Collected data:
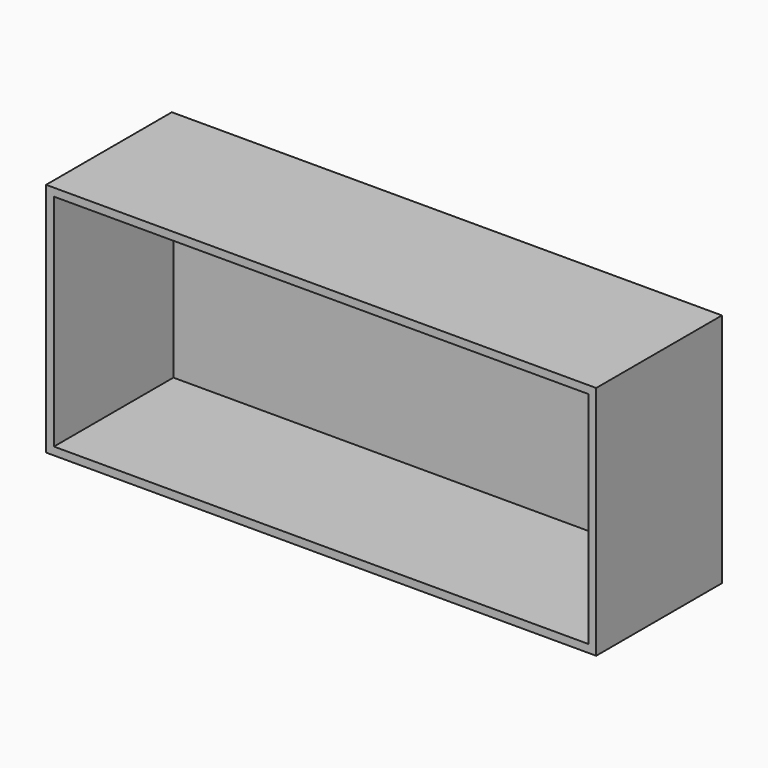
from build123d import *

# Parameters (mm, degrees)
F0_W     = 177.8
F0_H     = 76.2
F1_DEPTH = 50.8
F3_T     = -2.54


# Not quite as in the source:
# - the program builds the solid bodies; features that only make, move or delete a surface that nothing else refers to are left out


with BuildPart() as f1:
    # F0 (on Front) → F1 (new body)
    with BuildSketch(Plane.XZ):
        Rectangle(F0_W, F0_H)
    extrude(amount=F1_DEPTH)

    # F3
    f3_openings = [f1.faces().sort_by_distance(p)[0] for p in [
        (0, -50.8, 0),
    ]]
    offset(amount=F3_T, openings=f3_openings)


solid = f1.part
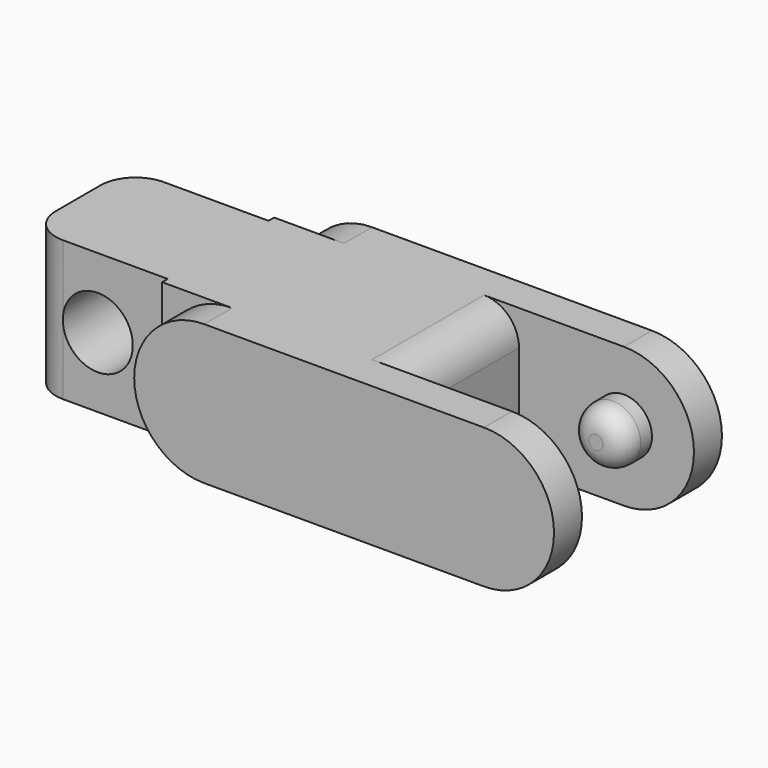
from build123d import *

# Parameters (mm, degrees)
F0_R      = 0.5
F1_DEPTH  = 2
F0_R_2    = 0.4
F2_DEPTH  = 0.5
F3_R      = 0.4
F4_DEPTH  = 0.5
F5_D      = 1
F6_DEPTH  = 0.5
F7_DEPTH  = 0.5
F8_R      = 0.3
F9_W      = 2
F9_H      = 0.1
F10_DEPTH = 25
F11_R     = 0.49999


# Not quite as in the source:
# - a fillet or chamfer is up to 0.001 mm smaller than in the source, because OpenCascade refuses the exact size
# - a feature names something its author has since deleted; it is built from what else it names


with BuildPart() as f1:
    # F0 (on Front) → F1 (new body)
    with BuildSketch(Plane.XZ):
        with BuildLine():
            Line((-1.5, -1.2454767711), (-1.5, -0.24940907))
            Line((-1.5, -0.24940907), (-4, -0.24940907))
            ThreePointArc((-4, -0.24940907), (-5, -1.24940907), (-4, -2.24940907))
            Line((-4, -2.24940907), (-1.5, -2.24940907))
            Line((-1.5, -2.24940907), (-1.5, -1.2454767711))
        make_face()
        with BuildLine():
            ThreePointArc((-4, -2.24940907), (-5, -1.24940907), (-4, -0.24940907))
            Line((-4, -0.24940907), (-7, -0.24940907))
            Line((-7, -0.24940907), (-7, -2.24940907))
            Line((-7, -2.24940907), (-4, -2.24940907))
        make_face()
        with Locations((-6, -1.24940907)):
            Circle(F0_R, mode=Mode.SUBTRACT)
        with Locations((-6, -1.24940907)):
            Circle(F0_R)
    extrude(amount=F1_DEPTH)

    # F0 (on Front) → F2 (join)
    with BuildSketch(Plane.XZ):
        with BuildLine():
            Line((-1.5, -1.2454767711), (-1.5, -0.24940907))
            Line((-1.5, -0.24940907), (-4, -0.24940907))
            ThreePointArc((-4, -0.24940907), (-5, -1.24940907), (-4, -2.24940907))
            Line((-4, -2.24940907), (-1.5, -2.24940907))
            Line((-1.5, -2.24940907), (-1.5, -1.2454767711))
        make_face()
        with BuildLine():
            Line((0, -0.24940907), (-1, -0.24940907))
            Line((-1, -0.24940907), (-1, -2.24940907))
            Line((-1, -2.24940907), (0, -2.24940907))
            ThreePointArc((0, -2.24940907), (1, -1.24940907), (0, -0.24940907))
        make_face()
        with Locations((0, -1.24940907)):
            Circle(F0_R_2, mode=Mode.SUBTRACT)
        Polygon((-1, -2.24940907), (-1, -0.24940907), (-1.5, -0.24940907), (-1.5, -1.2454767711), (-1.5, -2.24940907), align=None)
        with Locations((0, -1.24940907)):
            Circle(F0_R_2)
    extrude(amount=-F2_DEPTH)

    # F3 (on face) → F4 (join)
    with BuildSketch(Plane.XZ.offset(2)):
        with BuildLine():
            Line((-1.5, -2.24940907), (-1.5, -0.24940907))
            Line((-1.5, -0.24940907), (-4, -0.24940907))
            ThreePointArc((-4, -0.24940907), (-5, -1.24940907), (-4, -2.24940907))
            Line((-4, -2.24940907), (-1.5, -2.24940907))
        make_face()
        with BuildLine():
            Line((0, -0.24940907), (-1, -0.24940907))
            Line((-1, -0.24940907), (-1.5, -0.24940907))
            Line((-1.5, -0.24940907), (-1.5, -2.24940907))
            Line((-1.5, -2.24940907), (0, -2.24940907))
            ThreePointArc((0, -2.24940907), (1, -1.24940907), (0, -0.24940907))
        make_face()
        with Locations((0, -1.24940907)):
            Circle(F3_R, mode=Mode.SUBTRACT)
        with Locations((0, -1.24940907)):
            Circle(F3_R)
    extrude(amount=F4_DEPTH)

    # F5 (through all)
    with Locations(Plane(origin=(0, 0, 0), x_dir=(1, 0, 0), z_dir=(0, 1, 0))):
        with Locations((-6, 1.24940907)):
            Hole(F5_D / 2)

    # F0 (on Front) → F6 (join)
    with BuildSketch(Plane.XZ):
        with Locations((0, -1.24940907)):
            Circle(F0_R_2)
    extrude(amount=F6_DEPTH)

    # F3 (on face) → F7 (join)
    with BuildSketch(Plane.XZ.offset(2)):
        with Locations((0, -1.24940907)):
            Circle(F3_R)
    extrude(amount=-F7_DEPTH)

    # F8
    f8_edges = [f1.edges().sort_by_distance(p)[0] for p in [
        (-0.4, -0.5, -1.249409),
        (-0.4, -1.5, -1.249409),
    ]]
    fillet(f8_edges, radius=F8_R)

    # F9 (on face) → F10 (cut)
    with BuildSketch(Plane(origin=(0, 0, -2.24940907), x_dir=(1, 0, 0), z_dir=(0, 0, -1))):
        with Locations((-6, 1.95)):
            Rectangle(F9_W, F9_H)
        with Locations((-6, 0.05)):
            Rectangle(F9_W, F9_H)
    extrude(amount=-F10_DEPTH, mode=Mode.SUBTRACT)

    # F11 (radius 0.5 in the source; OpenCascade refuses exactly that, so slightly less here)
    f11_edges = [f1.edges().sort_by_distance(p)[0] for p in [
        (-7, -1.9, -1.249409),
        (-7, -0.1, -1.249409),
        (-1.5, -1, -0.249409),
        (-1.5, -1, -2.249409),
    ]]
    fillet(f11_edges, radius=F11_R)


solid = f1.part
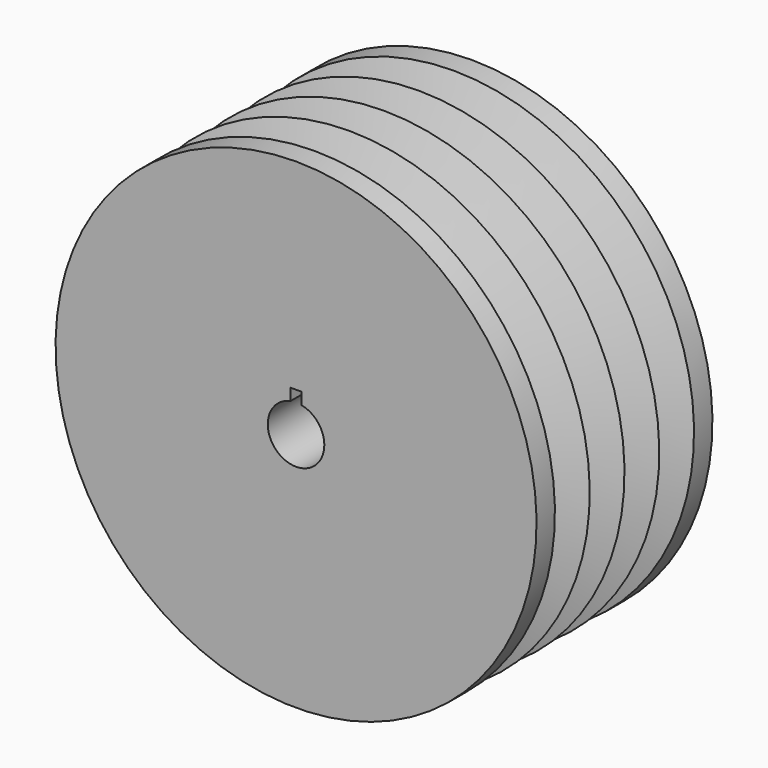
from build123d import *

# Parameters (mm, degrees)
F2_R     = 10
F3_DEPTH = 77.978
F5_DEPTH = 40


# Not quite as in the source:
# - ends of sketch curves that miss each other by under 0.0002 mm in the source are joined


with BuildPart() as f1:
    # F0 (on Right) → F1 (revolve)
    with BuildSketch(Plane.YZ):
        Polygon((-29.7933634734, 31.385529514), (-37.9271134734, 31.385529514), (-37.9271134734, -53.704470486), (-29.7933634734, -53.704470486), (31.7266365266, -53.704470486), (39.8603865266, -53.704470486), (39.8603865266, 31.385529514), (31.7266365266, 31.385529514), (26.815313074, 17.891779514), (21.2579597972, 17.891779514), (16.3466364486, 31.385529514), (11.4353131, 17.891779514), (5.8779598232, 17.891779514), (0.9666364746, 31.385529514), (-3.944686874, 17.891779514), (-9.5020401508, 17.891779514), (-14.4133634994, 31.385529514), (-19.324686848, 17.891779514), (-24.8820401248, 17.891779514), align=None)
    revolve(axis=Axis((0, 0.9666365266, -53.704470486), (0, 1, 0)))

    # F2 (on face) → F3 (cut)
    with BuildSketch(Plane(origin=(0, 39.8603865266, 0), x_dir=(-1, 0, 0), z_dir=(0, 1, 0))):
        with Locations((0, -53.704470486)):
            Circle(F2_R)
    extrude(amount=-F3_DEPTH, mode=Mode.SUBTRACT)

    # F4 (on face) → F5 (cut)
    with BuildSketch(Plane.XZ.offset(37.9271134734)):
        with BuildLine():
            Line((2, -39.704470486), (0, -39.704470486))
            Line((0, -39.704470486), (-2, -39.704470486))
            Line((-2, -39.704470486), (-2, -43.9065115149))
            ThreePointArc((-2, -43.9065115149), (0, -43.704470486), (2, -43.9065115149))
            Line((2, -43.9065115149), (2, -39.704470486))
        make_face()
    extrude(amount=-F5_DEPTH, mode=Mode.SUBTRACT)


solid = f1.part

Directions —
Go through the entries above and pull out each line with "amount" in it.

Answer to this task —
    extrude(amount=F1_DEPTH)
    offset(amount=F3_T, openings=f3_openings)
    extrude(amount=F1_DEPTH)
    extrude(amount=-F2_DEPTH)
    extrude(amount=F4_DEPTH)
    extrude(amount=F6_DEPTH)
    extrude(amount=-F7_DEPTH)
    extrude(amount=-F10_DEPTH, mode=Mode.SUBTRACT)
    extrude(amount=-F3_DEPTH, mode=Mode.SUBTRACT)
    extrude(amount=-F5_DEPTH, mode=Mode.SUBTRACT)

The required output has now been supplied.